А охотник, столь легко сбиваемый со следа, стоит добыче начать изливать душу, поспешно сунул крепкий свой кулак в пасть волку и извлек оттуда… весьма потрепанную девицу! Чьи щеки до того пугающе цвели, что он подумал, не лучше ли оставить ее превратностям волчих внутренностей, но она держала в руках каравай хлеба, и он выронил девицу на пол. Затем, умело и скучая, как хирург, в тысячный раз вырезающий аппендицит, он тщательно вырвал из волчьей пасти подрагивающий мясной холодец и решил, что старуху с ее длинным носом и здоровенными ушами спасти уже не представится возможным, посему плюхнул ком пакости на пол, а налипшую на руку слизь брезгливо вытер о гамбезон; но тут сквозь шерсть продрались большие пальцы ног — мозолистые, с грубыми ногтями и опухолями натоптышей, как будто внутри спал кто-то ногастый на размер больше, — и охотник вновь сунул руку внутрь с презрительной точностью невезучего фокусника, полагающего, что ему суждено нечто пограндиознее нескончаемого извлечения кроликов из цилиндров, и едва не содрал шкуру с… очень пожилой женщины, та-дамм! Не, ну вы прикиньте. Обветшалый волчий экстерьер, как он видел — много чего повидавший в последнее время, — лежал мятой горкой у ног старушки, как выкинутый на помойку протертый плащ, который уже не залатать. От всей этой матрешкиной зоологии у охотника закружилась голова, и он рухнул на стул. И тут мешанина плоти вползла на кровать, окутала собою кости, затем влезла в шкуру и вновь укрылась одеялом, а там испустила последний вздох и обмякла от окончательного помертвения. Девица с лицом, что как ржавая сковородка, прижала к себе каравай, а при виде охотника от киля до клотика покраснела пуще конца света; охотник же глянул на девицу и подумал: «Большевичка», — после чего решил, что срывать цвет с такой пламенеющей наглорожей розы как-то негоже, хоть с караваем она, хоть без, поэтому сунул он мех себе подмышку, качнул локтем и еще разок хорошенько хлебнул вина. А что же голая старая карга? Она улыбнулась парочке и склонила главу пред волком, этим пророком в парше, только что живым у нее внутри. А потом он опять ожил, репатриировался в отечество собственной недужной шкуры. И опять вернется, он таков, это уж как пить дать.
Старая-старая старуха, теперь гораздо старше, нежели по прибытии, просто мамонтово старше, чем когда с неохотой вручила дочери тот каравай хлеба, взяла в пальцы сосиску и как бы затянулась ею, а потом глянула на себя в блестящий горб столовой ложки вдовствующей особы — и залюбовалась собой, этим сданным в утиль бельмом на глазу.
Вот о чем я задумалась в какой-то момент, пока переписывала и корежила «Красную Шапочку»: мне нравится, если персонаж одновременно может быть плоским и сложным, когда отбрасываешь привязанность к привычным понятиям о психологии характера и позволяешь персонажам стать просто вместилищами идей.

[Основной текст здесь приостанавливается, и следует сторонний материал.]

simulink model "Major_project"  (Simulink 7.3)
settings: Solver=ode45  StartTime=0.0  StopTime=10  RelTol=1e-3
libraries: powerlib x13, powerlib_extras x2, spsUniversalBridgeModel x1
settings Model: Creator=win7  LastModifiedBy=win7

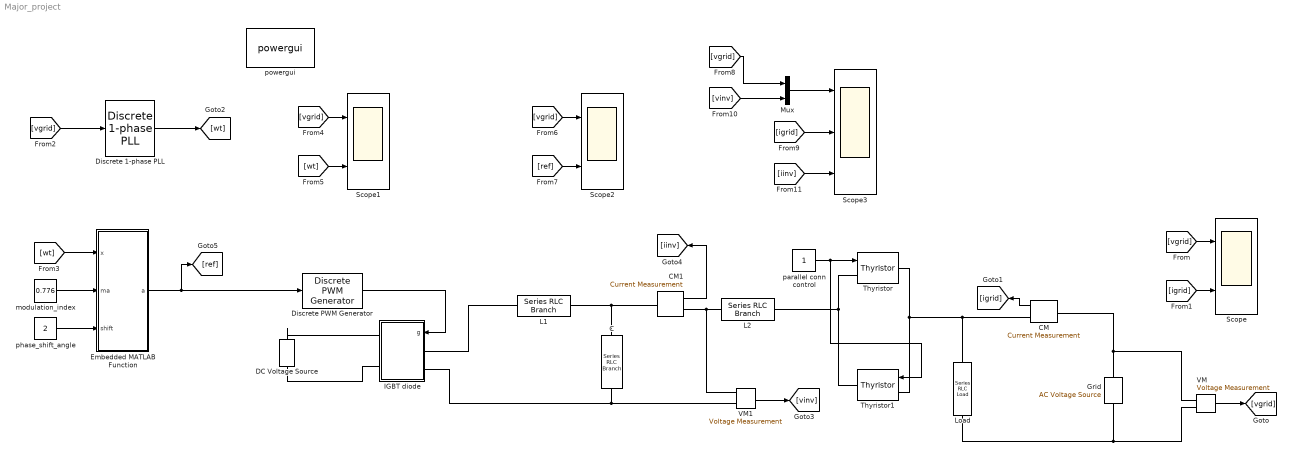
== system Major_project ==
  C : powerlib/Elements/Series RLC Branch  DialogController=POWERSYS.PowerSysDialog  PhysicalDomain=powersysdomain  SubClassName=unknown  LeftPortType=p1  RightPortType=p1  LConnTagsString=__new0  RConnTagsString=__new0  BranchType=RC  Resistance=0.1  Inductance=1e-3  SetiL0=off  InitialCurrent=0  Capacitance=10e-6  Setx0=off  InitialVoltage=0  Measurements=None
  CM : powerlib/Measurements/Current Measurement  DialogController=POWERSYS.PowerSysDialog  SystemSampleTime=-1  PhasorSimulation=off  OutputType=Complex  PSBequivalent=0
  CM1 : powerlib/Measurements/Current Measurement  DialogController=POWERSYS.PowerSysDialog  SystemSampleTime=-1  PhasorSimulation=off  OutputType=Complex  PSBequivalent=0
  DC Voltage Source : powerlib/Electrical Sources/DC Voltage Source  DialogController=POWERSYS.PowerSysDialog  SystemSampleTime=-1  Amplitude=400  Measurements=None
  Discrete 1-phase PLL : powerlib_extras/Discrete  Control Blocks/Discrete 1-phase PLL  SystemSampleTime=-1  Fmin=45  Par_Init=[0 50]  ParK=[ 180 3200 1]  Ts=1e-4  AGC=off
  Discrete PWM Generator : powerlib_extras/Discrete  Control Blocks/Discrete PWM Generator  DialogController=POWERSYS.PowerSysDialog  SystemSampleTime=-1  GeneratorMode="2-arm  bridge (4 pulses)"  Fc=3000  Ts=5e-6  Internal=off  mIndex=0.4  Freq=60  Phase=1
  Embedded MATLAB Function : Stateflow chart
  Grid : powerlib/Electrical Sources/AC Voltage Source  DialogController=POWERSYS.PowerSysDialog  SystemSampleTime=-1  Amplitude=220*sqrt(2)  Phase=0  Frequency=50  SampleTime=1e-5  Measurements=None
  IGBT diode : Subsystem  AncestorBlock=powerlib/Power Electronics/Universal Bridge  DialogController=POWERSYS.PowerSysDialog  mask(Universal Bridge){Arms=2, SnubberResistance=1e5, SnubberCapacitance=inf, Device=IGBT / Diodes, Ron=1e-3, Lon=0, ForwardVoltages=[  0  0  ], ForwardVoltage=0, GTOparameters=[ 10e-6 , 20e-6 ], IGBTparameters=[ 1e-6 , 2e-6 ], Measurements=None, Measurements_2=None, converterType=Rectifier}
      mask prompts: Arms "Number of bridge arms:"; SnubberResistance "Snubber resistance Rs (Ohms)"; SnubberCapacitance "Snubber capacitance Cs (F)"; Device "Power Electronic device"; Ron "Ron (Ohms)"; Lon "Lon (H)"; ForwardVoltages "Forward voltages  [ Device Vf(V) , Diode Vfd(V)]"; ForwardVoltage "Forward voltage Vf (V)"; GTOparameters "[  Tf (s) , Tt (s)  ]"; IGBTparameters "[  Tf (s) , Tt (s)  ]"; Measurements_2 "Measurements"; converterType "Converter type:"
      mask help: This block implement a bridge of selected power electronics devices. Series RC snubber circuits are connected in parallel with each switch device. Press Help for suggested snubber values when the model is discretized. For most applications the internal inductance Lon of diodes and thyristors should be set to zero
      mask init:
      | block = gcb;
      | [WantBlockChoice,Ts,Switches,Tf_sps,Tt_sps,Vf,Vf_SwitchOn,Vf_DiodeOn,IC,SignalLength,ReorderGatesDelays,X,Y,Ron] = powericon('UniversalBridgeInit',block,Device,Arms,ForwardVoltage,ForwardVoltages,GTOparameters,IGBTparameters,Ron);
      | powericon('SetInternalModels','set',block,WantBlockChoice);
      settings: CopyFcn=powericon('SwitchesCopyFcn','Universal Bridge',gcb)
      mask Help: web(psbhelp);
      mask StyleString: popup(1|2|3),edit,edit,popup(Diodes|Thyristors|GTO / Diodes|MOSFET / Diodes|IGBT / Diodes|Ideal Switches|Switching-function based VSC|Average-model based VSC),edit,edit,edit,edit,edit,edit,popup(None|Device voltages|Device currents|UAB UBC UCA UDC voltages|All voltages and currents),popup(None|Voltages|Currents|Voltages and Currents),popup(Rectifier|Inverter)
      mask CallbackString: powericon('UniversalBridgeCback',gcb);|||powericon('UniversalBridgeCback',gcb);|||||||||
      mask Display: plot(0,0,100,100,X.p1,Y.p1,X.p2,Y.p2,X.p3,Y.p3,X.p4,Y.p4,X.p5,Y.p5,X.p6,Y.p6,X.p7,Y.p7);
  L1 : powerlib/Elements/Series RLC Branch  DialogController=POWERSYS.PowerSysDialog  PhysicalDomain=powersysdomain  SubClassName=unknown  LeftPortType=p1  RightPortType=p1  LConnTagsString=__new0  RConnTagsString=__new0  BranchType=L  Resistance=1  Inductance=17.7e-4  SetiL0=off  InitialCurrent=0  Capacitance=1e-6  Setx0=off  InitialVoltage=0  Measurements=None
  L2 : powerlib/Elements/Series RLC Branch  DialogController=POWERSYS.PowerSysDialog  PhysicalDomain=powersysdomain  SubClassName=unknown  LeftPortType=p1  RightPortType=p1  LConnTagsString=__new0  RConnTagsString=__new0  BranchType=L  Resistance=1  Inductance=5.7e-4  SetiL0=off  InitialCurrent=0  Capacitance=1e-6  Setx0=off  InitialVoltage=0  Measurements=None
  Load : powerlib/Elements/Series RLC Load  DialogController=POWERSYS.PowerSysDialog  PhysicalDomain=powersysdomain  SubClassName=unknown  LeftPortType=p1  RightPortType=p1  LConnTagsString=a  RConnTagsString=__new0  NominalVoltage=220  NominalFrequency=50  ActivePower=220*10/sqrt(2)  InductivePower=220*1/sqrt(2)  CapacitivePower=0  Setx0=off  InitialVoltage=0  SetiL0=off  InitialCurrent=0  Measurements=None
  Mux : Mux  Inputs=2
  Scope : Scope  NumInputPorts=2
      settings: TickLabels=on  TimeRange=0.09  YMin=-350~-11  YMax=350~11
  Scope1 : Scope  NumInputPorts=2
      settings: TickLabels=on  TimeRange=0.09  YMin=-350~0  YMax=350~6.5
  Scope2 : Scope  NumInputPorts=2
      settings: TickLabels=on  TimeRange=0.09  YMin=-350~-0.8  YMax=350~0.8  SaveName=ScopeData2
  Scope3 : Scope  NumInputPorts=3
      settings: TickLabels=on  TimeRange=0.1  YMin=-350~-12.5~-8e-016  YMax=350~12.5~8e-016  SaveName=ScopeData3
  Thyristor : powerlib/Power Electronics/Thyristor  DialogController=POWERSYS.PowerSysDialog  SystemSampleTime=-1  Ron=0.001  Lon=0  Vf=0.8  IC=0  Rs=500  Cs=250e-9  Measurements=off
  Thyristor1 : powerlib/Power Electronics/Thyristor  DialogController=POWERSYS.PowerSysDialog  SystemSampleTime=-1  Ron=0.001  Lon=0  Vf=0.8  IC=0  Rs=500  Cs=250e-9  Measurements=off
  VM : powerlib/Measurements/Voltage Measurement  DialogController=POWERSYS.PowerSysDialog  SystemSampleTime=-1  PhasorSimulation=off  OutputType=Complex  PSBequivalent=0
  VM1 : powerlib/Measurements/Voltage Measurement  DialogController=POWERSYS.PowerSysDialog  SystemSampleTime=-1  PhasorSimulation=off  OutputType=Complex  PSBequivalent=0
  modulation_index : Constant  Value=0.776  OutDataType=fixdt(1, 16)  OutScaling=2^0
  parallel conn control : Constant  OutDataType=fixdt(1, 16)  OutScaling=2^0
  phase_shift_angle : Constant  Value=2  OutDataType=fixdt(1, 16)  OutScaling=2^0
  powergui : powerlib/powergui  Priority=1  SystemSampleTime=-1  SimulationMode=Discrete  SampleTime=1e-06  frequency=60  SPID=off  DisableSnubberDevices=off  DisableRonSwitches=off  DisableVfSwitches=off  SwTol=0  Interpol=off  frequencyindice=50  echomessages=off  HookPort=off  DisplayEquations=off  FunctionMessages=off  EnableUseOfTLC=off  x0status=blocks  RestoreLinks=warning  Frange=[0:2:500]  Ylog=off  Xlog=on  ShowGrid=off  save=off  variable=ZData  ZoomFFT=on  StartTime=0.0  cycles=1  DisplayStyle=1  fundamental=60  FreqAxis=off  MaxFrequency=1000  frequencyindicesteady=1  RmsSteady=1  display=off  Ts=0  methode=off
  wires:
  VM/1 -> [vgrid]
  [vgrid] -> Scope/1
  CM/1 -> [igrid]
  [igrid] -> Scope/2
  [vgrid] -> Discrete 1-phase PLL/1
  Discrete 1-phase PLL/2 -> [wt]
  Discrete PWM Generator/1 -> IGBT diode/1(g)
  Embedded MATLAB Function/1(a) -> Discrete PWM Generator/1, [ref]
  modulation_index/1 -> Embedded MATLAB Function/2(ma)
  phase_shift_angle/1 -> Embedded MATLAB Function/3(shift)
  [wt] -> Embedded MATLAB Function/1(x)
  [vgrid] -> Scope1/1
  [wt] -> Scope1/2
  VM1/1 -> [vinv]
  CM1/1 -> [iinv]
  [vgrid] -> Scope2/1
  [ref] -> Scope2/2
  [igrid] -> Scope3/2
  Mux/1 -> Scope3/1
  [vgrid] -> Mux/1
  [vinv] -> Mux/2
  [iinv] -> Scope3/3
  parallel conn control/1 -> Thyristor/1, Thyristor1/1
  connections:
  Grid/RConn1 -- VM/LConn1 -- CM/LConn1
  Load/RConn1 -- VM/LConn2 -- Grid/LConn1
  CM/RConn1 -- Load/LConn1 -- Thyristor/RConn1 -- Thyristor1/LConn1
  DC Voltage Source/LConn1 -- IGBT diode/RConn2
  DC Voltage Source/RConn1 -- IGBT diode/RConn1
  IGBT diode/LConn1 -- L1/LConn1
  C/LConn1 -- L1/RConn1 -- CM1/LConn1
  C/RConn1 -- IGBT diode/LConn2 -- VM1/LConn2
  CM1/RConn1 -- L2/LConn1 -- VM1/LConn1
  Thyristor1/RConn1 -- L2/RConn1 -- Thyristor/LConn1

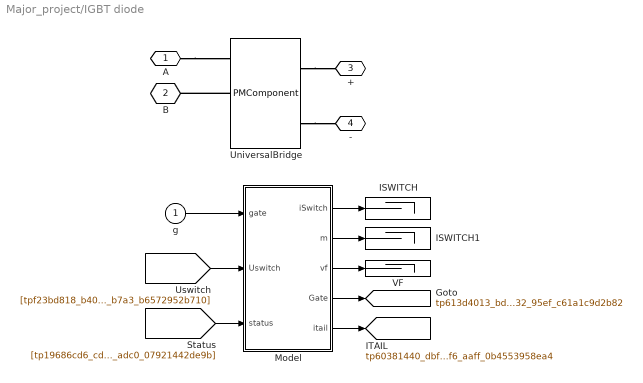
== system Major_project/IGBT diode ==
  g : Inport
  ISWITCH : Terminator
  ISWITCH1 : Terminator
  Model : Subsystem  BlockChoice=discrete IGBT
      settings: AttributesFormatString=%<BlockChoice>  TemplateBlock=spsUniversalBridgeModel/model  MemberBlocks=SPID,continuous Average model 1,continuous Average model 2,continuous Average model 3,continuous Diode-Logic,continuous Diode-RL,continuous GTO,continuous IGBT,continuous Ideal Switch,continuous MOSFET,continuous Switching function 1,continuous Switching function 2,continuous Switching function 3,continuous Thyristor-Logic,continuous Thyristor-RL,discrete Average model 1,discrete Average model 2,discrete Average model 3,discrete Diode-Logic,discrete GTO,discrete IGBT,discrete Ideal Switch,discrete MOSFET,discrete Switching function 1,discrete Switching function 2,discrete Switching function 3,discrete Thyristor-Logic
      mask Display: disp('Template')
  UniversalBridge : PMComponent  PhysicalDomain=powersysdomain  LeftPortType=p1  RightPortType=p1  LConnTagsString=A|B|C  RConnTagsString=+|-
      mask Type: InnerPowersysBlock
  VF : Terminator
  A : PMIOPort  Port=1  Side=Left
  B : PMIOPort  Port=2  Side=Left
  + : PMIOPort  Port=3  Side=Right
  - : PMIOPort  Port=4  Side=Right
  tag scope: tp60381440_dbfd_47f6_aaff_0b4553958ea4=global, tp613d4013_bd6b_4432_95ef_c61a1c9d2b82=global
  wires:
  g/1 -> Model/1(gate)
  [tpf23bd818_b406_453e_b7a3_b6572952b710] -> Model/2(Uswitch)
  [tp19686cd6_cd07_4bd5_adc0_07921442de9b] -> Model/3(status)
  Model/4(Gate) -> [tp613d4013_bd6b_4432_95ef_c61a1c9d2b82]
  Model/3(vf) -> VF/1
  Model/5(itail) -> [tp60381440_dbfd_47f6_aaff_0b4553958ea4]
  Model/1(iSwitch) -> ISWITCH/1
  Model/2(m) -> ISWITCH1/1
  connections:
  UniversalBridge/LConn2 -- B/RConn1
  UniversalBridge/RConn2 -- -/RConn1
  UniversalBridge/RConn1 -- +/RConn1
  A/RConn1 -- UniversalBridge/LConn1

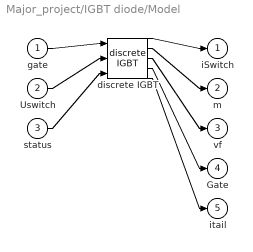
== system Major_project/IGBT diode/Model ==
  gate : Inport  OutDataType=sfix(16)  OutScaling=2^0
  Uswitch : Inport  Port=2  OutDataType=sfix(16)  OutScaling=2^0
  status : Inport  Port=3  OutDataType=sfix(16)  OutScaling=2^0
  discrete IGBT : spsUniversalBridgeModel/discrete IGBT  SystemSampleTime=-1
  iSwitch : Outport  OutDataType=sfix(16)  OutScaling=2^0
  m : Outport  Port=2  OutDataType=sfix(16)  OutScaling=2^0
  vf : Outport  Port=3  OutDataType=sfix(16)  OutScaling=2^0
  Gate : Outport  Port=4  OutDataType=sfix(16)  OutScaling=2^0
  itail : Outport  Port=5  OutDataType=sfix(16)  OutScaling=2^0
  wires:
  gate/1 -> discrete IGBT/1
  Uswitch/1 -> discrete IGBT/2
  status/1 -> discrete IGBT/3
  discrete IGBT/1 -> iSwitch/1
  discrete IGBT/2 -> m/1
  discrete IGBT/3 -> vf/1
  discrete IGBT/4 -> Gate/1
  discrete IGBT/5 -> itail/1

== matlab function Embedded MATLAB Function ==
  data: x input double; a output double; ma input double; shift input double
function a = fcn(x,ma,shift)
shift_k=shift*pi/180;
a = (ma*(sin((x)+shift_k)));

Если персонаж расплющить, читателю не придется тревожно вынюхивать мотивы, а у вас остается место для богатства иных толкований и подтекстов. Как Кейт Бернхаймер говорит в очерке «Сказка — форма, форма — сказка», который вызвал к жизни и эти мысли, и эту историю, подобная умышленная плоскость персонажа «позволяет достичь глубины читательской реакции», и если у вас в экзегетическую привычку вошло толковать психологию, эдак на кушетку можно уложить всю историю.